*What to produce:*
In the entries below, find the line containing "#124=AXIS2_PLACEMENT_3D('',#121,#122,#123);". Write out that line and all lines after it, exactly, and nothing else.
===== The records =====
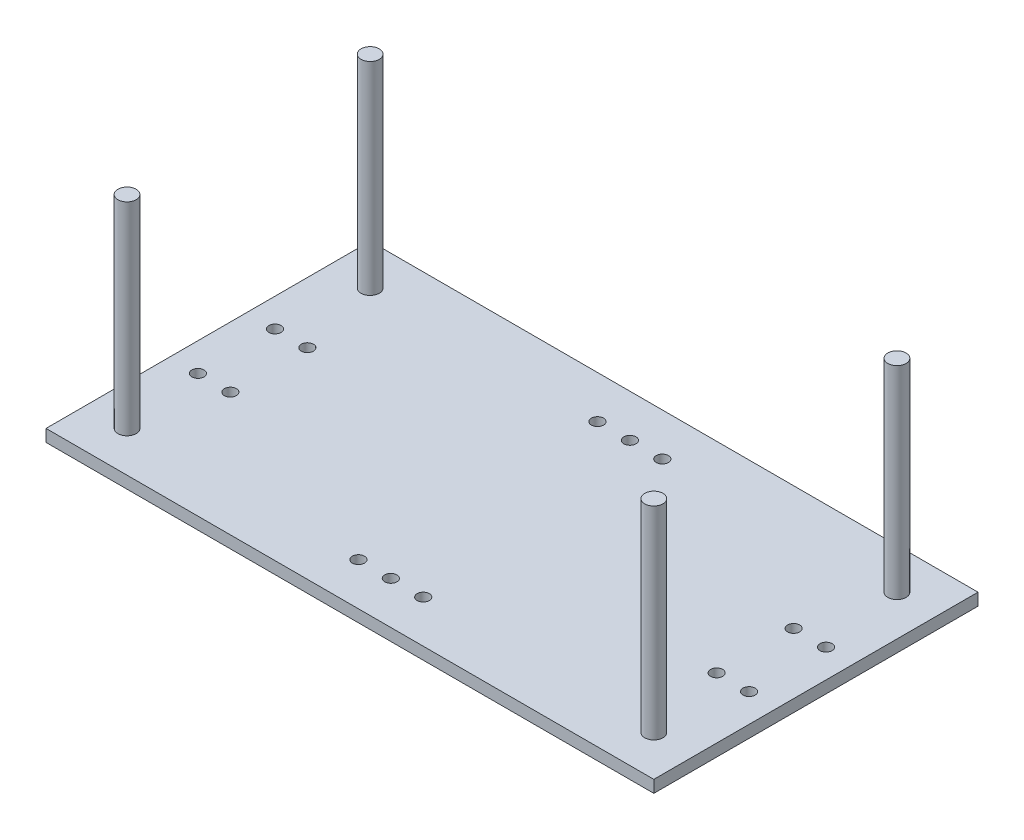
ISO-10303-21;
HEADER;
FILE_DESCRIPTION(('STEP AP214'),'2;1');
FILE_NAME('part.step','',(''),(''),'','','');
FILE_SCHEMA(('AUTOMOTIVE_DESIGN { 1 0 10303 214 1 1 1 1 }'));
ENDSEC;
DATA;
#1=APPLICATION_CONTEXT('core data for automotive mechanical design processes');
#2=APPLICATION_PROTOCOL_DEFINITION('international standard','automotive_design',2000,#1);
#3=PRODUCT_CONTEXT('',#1,'mechanical');
#4=PRODUCT('Part','Part','',(#3));
#5=PRODUCT_RELATED_PRODUCT_CATEGORY('part','',(#4));
#6=PRODUCT_DEFINITION_FORMATION('','',#4);
#7=PRODUCT_DEFINITION_CONTEXT('part definition',#1,'design');
#8=PRODUCT_DEFINITION('design','',#6,#7);
#9=PRODUCT_DEFINITION_SHAPE('','',#8);
#10=(LENGTH_UNIT() NAMED_UNIT(*) SI_UNIT(.MILLI.,.METRE.));
#11=(NAMED_UNIT(*) PLANE_ANGLE_UNIT() SI_UNIT($,.RADIAN.));
#12=(NAMED_UNIT(*) SI_UNIT($,.STERADIAN.) SOLID_ANGLE_UNIT());
#13=UNCERTAINTY_MEASURE_WITH_UNIT(LENGTH_MEASURE(1.E-05),#10,'distance_accuracy_value','');
#14=(GEOMETRIC_REPRESENTATION_CONTEXT(3) GLOBAL_UNCERTAINTY_ASSIGNED_CONTEXT((#13)) GLOBAL_UNIT_ASSIGNED_CONTEXT((#10,
#11,#12)) REPRESENTATION_CONTEXT('',''));
#15=CARTESIAN_POINT('',(0.,0.,0.));
#16=DIRECTION('',(0.,0.,1.));
#17=DIRECTION('',(1.,0.,0.));
#18=AXIS2_PLACEMENT_3D('',#15,#16,#17);
#19=CARTESIAN_POINT('',(66.5352697095436,-3.,0.));
#20=DIRECTION('',(-1.,0.,0.));
#21=DIRECTION('',(0.,0.,1.));
#22=AXIS2_PLACEMENT_3D('',#19,#20,#21);
#23=PLANE('',#22);
#24=DIRECTION('',(0.,0.,1.));
#25=VECTOR('',#24,1.);
#26=CARTESIAN_POINT('',(66.5352697095436,0.,0.));
#27=LINE('',#26,#25);
#28=CARTESIAN_POINT('',(66.5352697095435,0.,-41.8257261410789));
#29=VERTEX_POINT('',#28);
#30=CARTESIAN_POINT('',(66.5352697095436,0.,38.1742738589212));
#31=VERTEX_POINT('',#30);
#32=EDGE_CURVE('E134',#29,#31,#27,.T.);
#33=ORIENTED_EDGE('',*,*,#32,.T.);
#34=DIRECTION('',(0.,1.,0.));
#35=VECTOR('',#34,1.);
#36=CARTESIAN_POINT('',(66.5352697095436,-3.,38.1742738589212));
#37=LINE('',#36,#35);
#38=CARTESIAN_POINT('',(66.5352697095436,-3.,38.1742738589212));
#39=VERTEX_POINT('',#38);
#40=EDGE_CURVE('E11',#39,#31,#37,.T.);
#41=ORIENTED_EDGE('',*,*,#40,.F.);
#42=DIRECTION('',(0.,0.,1.));
#43=VECTOR('',#42,1.);
#44=CARTESIAN_POINT('',(66.5352697095436,-3.,0.));
#45=LINE('',#44,#43);
#46=CARTESIAN_POINT('',(66.5352697095435,-3.,-41.8257261410789));
#47=VERTEX_POINT('',#46);
#48=EDGE_CURVE('E62',#47,#39,#45,.T.);
#49=ORIENTED_EDGE('',*,*,#48,.F.);
#50=DIRECTION('',(0.,1.,0.));
#51=VECTOR('',#50,1.);
#52=CARTESIAN_POINT('',(66.5352697095435,-3.,-41.8257261410789));
#53=LINE('',#52,#51);
#54=EDGE_CURVE('E97',#47,#29,#53,.T.);
#55=ORIENTED_EDGE('',*,*,#54,.T.);
#56=EDGE_LOOP('',(#33,#41,#49,#55));
#57=FACE_BOUND('',#56,.T.);
#58=ADVANCED_FACE('F43',(#57),#23,.F.);
#59=CARTESIAN_POINT('',(0.,-3.,38.1742738589212));
#60=DIRECTION('',(0.,0.,1.));
#61=DIRECTION('',(1.,0.,0.));
#62=AXIS2_PLACEMENT_3D('',#59,#60,#61);
#63=PLANE('',#62);
#64=DIRECTION('',(1.,0.,0.));
#65=VECTOR('',#64,1.);
#66=CARTESIAN_POINT('',(0.,0.,38.1742738589212));
#67=LINE('',#66,#65);
#68=CARTESIAN_POINT('',(-83.4647302904564,0.,38.1742738589212));
#69=VERTEX_POINT('',#68);
#70=EDGE_CURVE('E139',#69,#31,#67,.T.);
#71=ORIENTED_EDGE('',*,*,#70,.F.);
#72=DIRECTION('',(0.,1.,0.));
#73=VECTOR('',#72,1.);
#74=CARTESIAN_POINT('',(-83.4647302904564,-3.,38.1742738589212));
#75=LINE('',#74,#73);
#76=CARTESIAN_POINT('',(-83.4647302904564,-3.,38.1742738589212));
#77=VERTEX_POINT('',#76);
#78=EDGE_CURVE('E53',#77,#69,#75,.T.);
#79=ORIENTED_EDGE('',*,*,#78,.F.);
#80=DIRECTION('',(1.,0.,0.));
#81=VECTOR('',#80,1.);
#82=CARTESIAN_POINT('',(0.,-3.,38.1742738589212));
#83=LINE('',#82,#81);
#84=EDGE_CURVE('E104',#77,#39,#83,.T.);
#85=ORIENTED_EDGE('',*,*,#84,.T.);
#86=ORIENTED_EDGE('',*,*,#40,.T.);
#87=EDGE_LOOP('',(#71,#79,#85,#86));
#88=FACE_BOUND('',#87,.T.);
#89=ADVANCED_FACE('F255',(#88),#63,.T.);
#90=CARTESIAN_POINT('',(-83.4647302904564,-3.,0.));
#91=DIRECTION('',(-1.,0.,0.));
#92=DIRECTION('',(0.,0.,1.));
#93=AXIS2_PLACEMENT_3D('',#90,#91,#92);
#94=PLANE('',#93);
#95=DIRECTION('',(0.,0.,1.));
#96=VECTOR('',#95,1.);
#97=CARTESIAN_POINT('',(-83.4647302904564,0.,0.));
#98=LINE('',#97,#96);
#99=CARTESIAN_POINT('',(-83.4647302904565,0.,-41.8257261410789));
#100=VERTEX_POINT('',#99);
#101=EDGE_CURVE('E94',#100,#69,#98,.T.);
#102=ORIENTED_EDGE('',*,*,#101,.F.);
#103=DIRECTION('',(0.,1.,0.));
#104=VECTOR('',#103,1.);
#105=CARTESIAN_POINT('',(-83.4647302904565,-3.,-41.8257261410789));
#106=LINE('',#105,#104);
#107=CARTESIAN_POINT('',(-83.4647302904565,-3.,-41.8257261410789));
#108=VERTEX_POINT('',#107);
#109=EDGE_CURVE('E91',#108,#100,#106,.T.);
#110=ORIENTED_EDGE('',*,*,#109,.F.);
#111=DIRECTION('',(0.,0.,1.));
#112=VECTOR('',#111,1.);
#113=CARTESIAN_POINT('',(-83.4647302904564,-3.,0.));
#114=LINE('',#113,#112);
#115=EDGE_CURVE('E93',#108,#77,#114,.T.);
#116=ORIENTED_EDGE('',*,*,#115,.T.);
#117=ORIENTED_EDGE('',*,*,#78,.T.);
#118=EDGE_LOOP('',(#102,#110,#116,#117));
#119=FACE_BOUND('',#118,.T.);
#120=ADVANCED_FACE('F92',(#119),#94,.T.);
#121=CARTESIAN_POINT('',(-68.4647302904565,-3.,-11.3257261410788));
#122=DIRECTION('',(0.,1.,0.));
#123=DIRECTION('',(0.,0.,1.));
#124=AXIS2_PLACEMENT_3D('',#121,#122,#123);
#125=CYLINDRICAL_SURFACE('',#124,1.5);
#126=CARTESIAN_POINT('',(-68.4647302904565,-3.,-11.3257261410788));
#127=DIRECTION('',(0.,1.,0.));
#128=DIRECTION('',(0.,0.,1.));
#129=AXIS2_PLACEMENT_3D('',#126,#127,#128);
#130=CIRCLE('',#129,1.5);
#131=CARTESIAN_POINT('',(-68.4647302904565,-3.,-9.82572614107885));
#132=VERTEX_POINT('',#131);
#133=EDGE_CURVE('E118',#132,#132,#130,.T.);
#134=ORIENTED_EDGE('',*,*,#133,.F.);
#135=EDGE_LOOP('',(#134));
#136=FACE_BOUND('',#135,.T.);
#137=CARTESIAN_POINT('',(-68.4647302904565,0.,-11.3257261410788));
=====
*Answer to this task:*
#124=AXIS2_PLACEMENT_3D('',#121,#122,#123);
#125=CYLINDRICAL_SURFACE('',#124,1.5);
#126=CARTESIAN_POINT('',(-68.4647302904565,-3.,-11.3257261410788));
#127=DIRECTION('',(0.,1.,0.));
#128=DIRECTION('',(0.,0.,1.));
#129=AXIS2_PLACEMENT_3D('',#126,#127,#128);
#130=CIRCLE('',#129,1.5);
#131=CARTESIAN_POINT('',(-68.4647302904565,-3.,-9.82572614107885));
#132=VERTEX_POINT('',#131);
#133=EDGE_CURVE('E118',#132,#132,#130,.T.);
#134=ORIENTED_EDGE('',*,*,#133,.F.);
#135=EDGE_LOOP('',(#134));
#136=FACE_BOUND('',#135,.T.);
#137=CARTESIAN_POINT('',(-68.4647302904565,0.,-11.3257261410788));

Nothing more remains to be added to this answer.